→ What you should do
Whenever the word "name" turns up in a line below, that line should be copied.

→ Recorded information
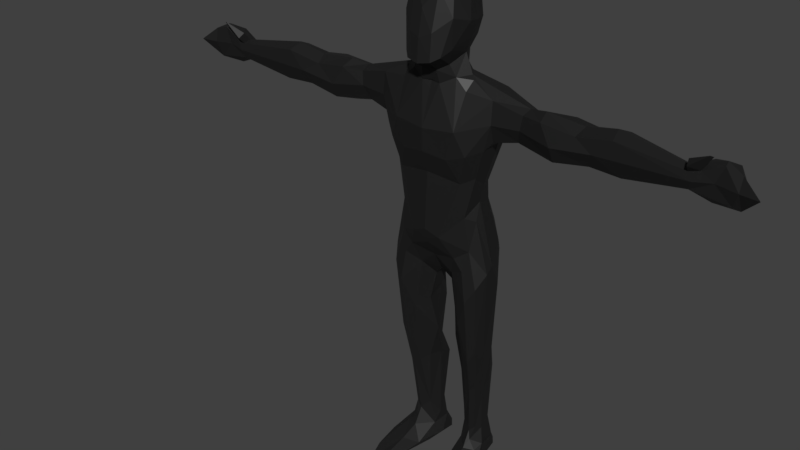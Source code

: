 # Source: goodman.blend  (saved by Blender 2.79.0; exported with 4.5.12 LTS)
import bpy
from mathutils import Matrix  # noqa: F401  (used for matrix-valued properties, if any)

bpy.ops.wm.read_factory_settings(use_empty=True)
scene = bpy.context.scene
scene.name = 'Scene'

# ---- collections
col_collection_1 = bpy.data.collections.new('Collection 1'); scene.collection.children.link(col_collection_1)

# ---- materials (node trees are filled in below, after node groups)
mat_material_001 = bpy.data.materials.new('Material.001')
mat_material_001.alpha_threshold = 0.0
mat_material_001.roughness = 0.5

# ---- material node trees
mat_material_001.use_nodes = True; mat_material_001.node_tree.nodes.clear()
_N = mat_material_001.node_tree.nodes; _L = mat_material_001.node_tree.links
n0 = _N.new('ShaderNodeOutputMaterial'); n0.name = 'Material Output'; n0.location = (300, 300)
n1 = _N.new('ShaderNodeBsdfPrincipled'); n1.name = 'Principled BSDF'; n1.location = (22, 356)
n1.width = 251
n1.subsurface_method = 'BURLEY'
n1.inputs[0].default_value = (0.009268, 0.009268, 0.009268, 1.0)
n1.inputs[2].default_value = 0.5136
n1.inputs[3].default_value = 1.45
n1.inputs[9].default_value = (1.0, 1.0, 1.0)
n1.inputs[13].default_value = 0.7538
n1.inputs[14].default_value = (0.612, 0.612, 0.612, 1.0)
n1.inputs[20].default_value = 0.0
_L.new(n1.outputs[0], n0.inputs[0])
n0.is_active_output = True

# ---- world
world_world = bpy.data.worlds.new('World'); scene.world = world_world
world_world.color = (0.05088, 0.05088, 0.05088)
world_world.use_sun_shadow = False
world_world.sun_shadow_jitter_overblur = 0.0
world_world.cycles.sampling_method = 'MANUAL'

# ---- meshes
me_sphere = bpy.data.meshes.new('Sphere')
me_sphere.from_pydata([(0.3957, -0.6059, 4.752), (0.339, 0.9623, 11.73), (0.5085, 0.4401, 10.96), (0.8997, -0.1419, 11.92), (0.6808, 0.005011, 11.18), (0.563, -0.309, 11.19), (0.5032, -0.8172, 11.83), (0.6763, -0.1233, 10.94), (0.6626, -0.4782, 11.5), (0.8207, -0.0216, 11.55), (0.6631, 0.5904, 11.33), (0.342, 1.021, 11.09), (0.9665, 0.3619, 10.4), (0.3021, -0.592, 10.63), (1.713, 0.3326, 9.771), (0.6648, 0.7563, 8.818), (0.9045, -1.075, 9.781), (2.57, -0.09002, 10.24), (1.544, -0.2773, 9.163), (2.484, -0.6033, 9.784), (2.32, -0.2629, 9.341), (2.489, 0.2502, 9.801), (4.315, -0.1533, 9.328), (4.13, -0.0214, 10.22), (3.434, 0.427, 9.695), (3.105, -0.224, 9.212), (3.064, -0.008129, 10.32), (3.195, -0.6863, 9.79), (4.542, 0.3989, 9.804), (4.241, -0.5257, 9.806), (4.98, -0.008577, 10.37), (6.854, 0.07559, 9.582), (5.051, -0.628, 9.813), (5.178, -0.203, 9.278), (1.194, -0.2183, 8.049), (1.253, 0.2451, 8.349), (1.251, -0.9686, 9.345), (1.524, 0.3299, 9.114), (1.099, 0.2204, 6.402), (0.7057, 0.3526, 6.168), (0.9589, -0.6862, 8.104), (0.4257, -0.8914, 4.326), (1.014, -0.9757, 5.429), (0.9417, -1.112, 6.814), (0.5541, -0.9809, 8.582), (0.2524, -0.5179, 11.18), (0.2797, -0.462, 10.92), (0.3175, -0.8154, 11.57), (0.5772, -0.8447, 3.263), (0.3077, -0.3643, 3.564), (1.357, 0.2478, 5.45), (1.291, -0.8508, 6.408), (0.4944, -1.218, 5.838), (0.4968, 0.1437, 5.635), (1.194, -0.5022, 1.978), (1.023, -0.9256, 3.491), (0.3283, -0.964, 2.61), (1.148, -0.2241, 2.364), (0.9704, -0.2758, 0.6084), (1.194, -1.092, 0.4214), (0.4448, -0.7481, 0.6863), (0.3822, -0.6276, 2.7), (0.7945, -0.1831, 2.488), (1.196, -1.178, 0.117), (0.5281, 0.196, 0.084), (0.5247, -1.157, 0.4724), (1.043, -1.228, 0.4416), (1.261, -0.5043, 0.483), (1.532, -0.2353, 5.994), (0.7364, 0.1434, 4.275), (1.441, -0.6781, 5.33), (1.273, 0.03331, 3.542), (0.6388, -0.4777, 1.071), (1.068, -0.4168, 0.9861), (0.4677, -0.9739, 7.499), (0.4128, 0.6474, 6.731), (0.9956, 0.324, 7.292), (0.6795, -1.471, 0.03432), (0.3102, -0.6971, 0.1217), (1.371, 1.01, 0.1451), (1.201, -0.206, 0.3916), (1.349, -0.45, 0.1321), (0.8855, 1.655, 0.04277), (0.8894, 0.4873, 0.2453), (0.6762, 1.055, 0.01678), (7.12, 0.1692, 10.25), (7.0, 0.3969, 9.862), (6.808, -0.1628, 9.82), (6.855, 0.1673, 10.12), (8.106, 0.1167, 9.431), (7.385, 0.0001214, 9.385), (8.602, 0.4347, 9.883), (7.511, 0.3059, 9.923), (8.098, -0.08314, 9.914), (7.683, 0.1275, 10.39), (0.2632, -0.6625, 5.359), (0.7188, 0.6168, 12.05), (0.9028, 0.1572, 11.95), (0.3647, 0.7098, 12.67), (0.7702, 0.01008, 12.67), (0.662, -0.4878, 12.69), (0.8199, -0.4515, 11.93), (0.8968, 0.009082, 10.7), (0.6539, -0.3425, 10.69), (0.6579, 0.362, 10.67), (1.702, 0.2717, 10.33), (1.514, -0.6566, 10.39), (1.168, 0.6266, 8.957), (2.317, -0.5744, 9.455), (2.367, 0.07956, 9.452), (4.416, 0.2002, 9.449), (2.929, -0.5972, 9.365), (3.669, -0.5816, 9.367), (3.117, 0.346, 10.17), (3.452, 0.2437, 9.317), (4.268, -0.4855, 9.461), (5.051, 0.367, 10.23), (4.271, -0.3613, 10.15), (5.267, 0.2163, 9.413), (5.097, -0.4237, 10.21), (1.104, -0.5231, 8.034), (1.087, 0.357, 5.045), (0.6834, -0.9943, 10.1), (0.4585, -0.9243, 7.91), (0.2562, -0.1863, 5.272), (0.9473, 0.3141, 5.851), (1.2, -1.046, 6.091), (0.5514, -0.9666, 5.268), (0.4949, -0.5203, 0.3986), (0.8287, -0.9386, 3.481), (1.009, -1.438, 0.0985), (0.7552, -1.154, 2.612), (1.266, -0.7823, 3.372), (1.07, 0.09954, 3.231), (0.5719, -1.012, 4.825), (0.8866, -0.3519, 0.8299), (0.3951, -1.008, 0.4969), (1.198, 0.07293, 7.184), (1.132, -0.5314, 7.551), (1.506, 0.1804, 0.1525), (1.576, 0.257, 0.01356), (7.194, 0.3547, 10.13), (6.813, -0.1347, 9.657), (8.107, 0.2684, 10.23), (8.093, 0.3648, 9.881), (0.2801, -1.109, 5.819), (0.4583, -0.8082, 12.61), (0.6362, 0.4935, 12.63), (0.5264, 0.8376, 11.19), (1.011, 0.1233, 10.62), (0.8985, 0.7592, 9.529), (1.687, 0.1545, 9.308), (1.436, -0.8279, 9.306), (2.534, 0.2023, 10.15), (4.048, 0.3081, 10.06), (3.647, -0.4424, 10.2), (2.552, -0.4359, 10.12), (5.096, -0.5704, 9.413), (6.9, 0.3671, 10.05), (6.936, 0.2998, 9.652), (0.8409, -1.111, 9.307), (0.9502, 0.4782, 8.203), (1.192, -0.0684, 7.667), (1.532, -0.02737, 5.83), (1.314, -0.8444, 5.424), (0.886, -1.174, 6.035), (0.5633, -0.3449, 2.64), (0.9815, -0.1679, 2.219), (1.103, -1.101, 2.648), (0.8944, -0.08454, 0.3996), (1.286, -0.814, 0.4257), (0.4902, -1.383, 0.08399), (0.3535, -1.208, 0.01128), (0.4241, -0.1416, 4.506), (1.368, -0.2484, 3.433), (0.3891, -0.6267, 3.039), (0.4479, -0.9157, 1.134), (1.073, -1.017, 1.058), (1.17, -0.5763, 0.9281), (0.8441, -1.071, 1.033), (0.9033, -0.8192, 7.507), (1.232, -0.433, 0.004208), (1.041, -1.257, 0.00502), (0.4507, -0.2055, 0.004845), (1.22, 1.611, 0.01495), (6.811, -0.05865, 10.04), (7.296, -0.09935, 10.27), (7.7, 0.283, 10.33), (7.943, 0.2372, 9.511), (7.296, -0.1684, 9.508), (7.931, -0.007646, 10.32), (7.994, -0.06863, 9.534), (6.888, 0.3606, 10.32), (6.931, 0.525, 10.21), (7.498, 0.4816, 10.53), (7.42, 0.5221, 10.55), (0.2658, 0.5235, 10.49), (0.225, 0.5949, 10.81), (0.1541, -0.8167, 10.44), (0.2634, -0.9276, 11.88), (-0.3957, -0.6059, 4.752), (-0.339, 0.9623, 11.73), (-0.5085, 0.4401, 10.96), (-0.8997, -0.1419, 11.92), (-0.6808, 0.005011, 11.18), (-0.563, -0.309, 11.19), (-0.5032, -0.8172, 11.83), (-0.6763, -0.1233, 10.94), (-0.6626, -0.4782, 11.5), (-0.8207, -0.0216, 11.55), (-0.6631, 0.5904, 11.33), (-0.342, 1.021, 11.09), (-0.9665, 0.3619, 10.4), (-0.3021, -0.592, 10.63), (-1.713, 0.3326, 9.771), (-0.6648, 0.7563, 8.818), (-0.9045, -1.075, 9.781), (-2.57, -0.09002, 10.24), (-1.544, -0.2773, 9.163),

→ Solution for this exercise
scene.name = 'Scene'
n0 = _N.new('ShaderNodeOutputMaterial'); n0.name = 'Material Output'; n0.location = (300, 300)
n1 = _N.new('ShaderNodeBsdfPrincipled'); n1.name = 'Principled BSDF'; n1.location = (22, 356)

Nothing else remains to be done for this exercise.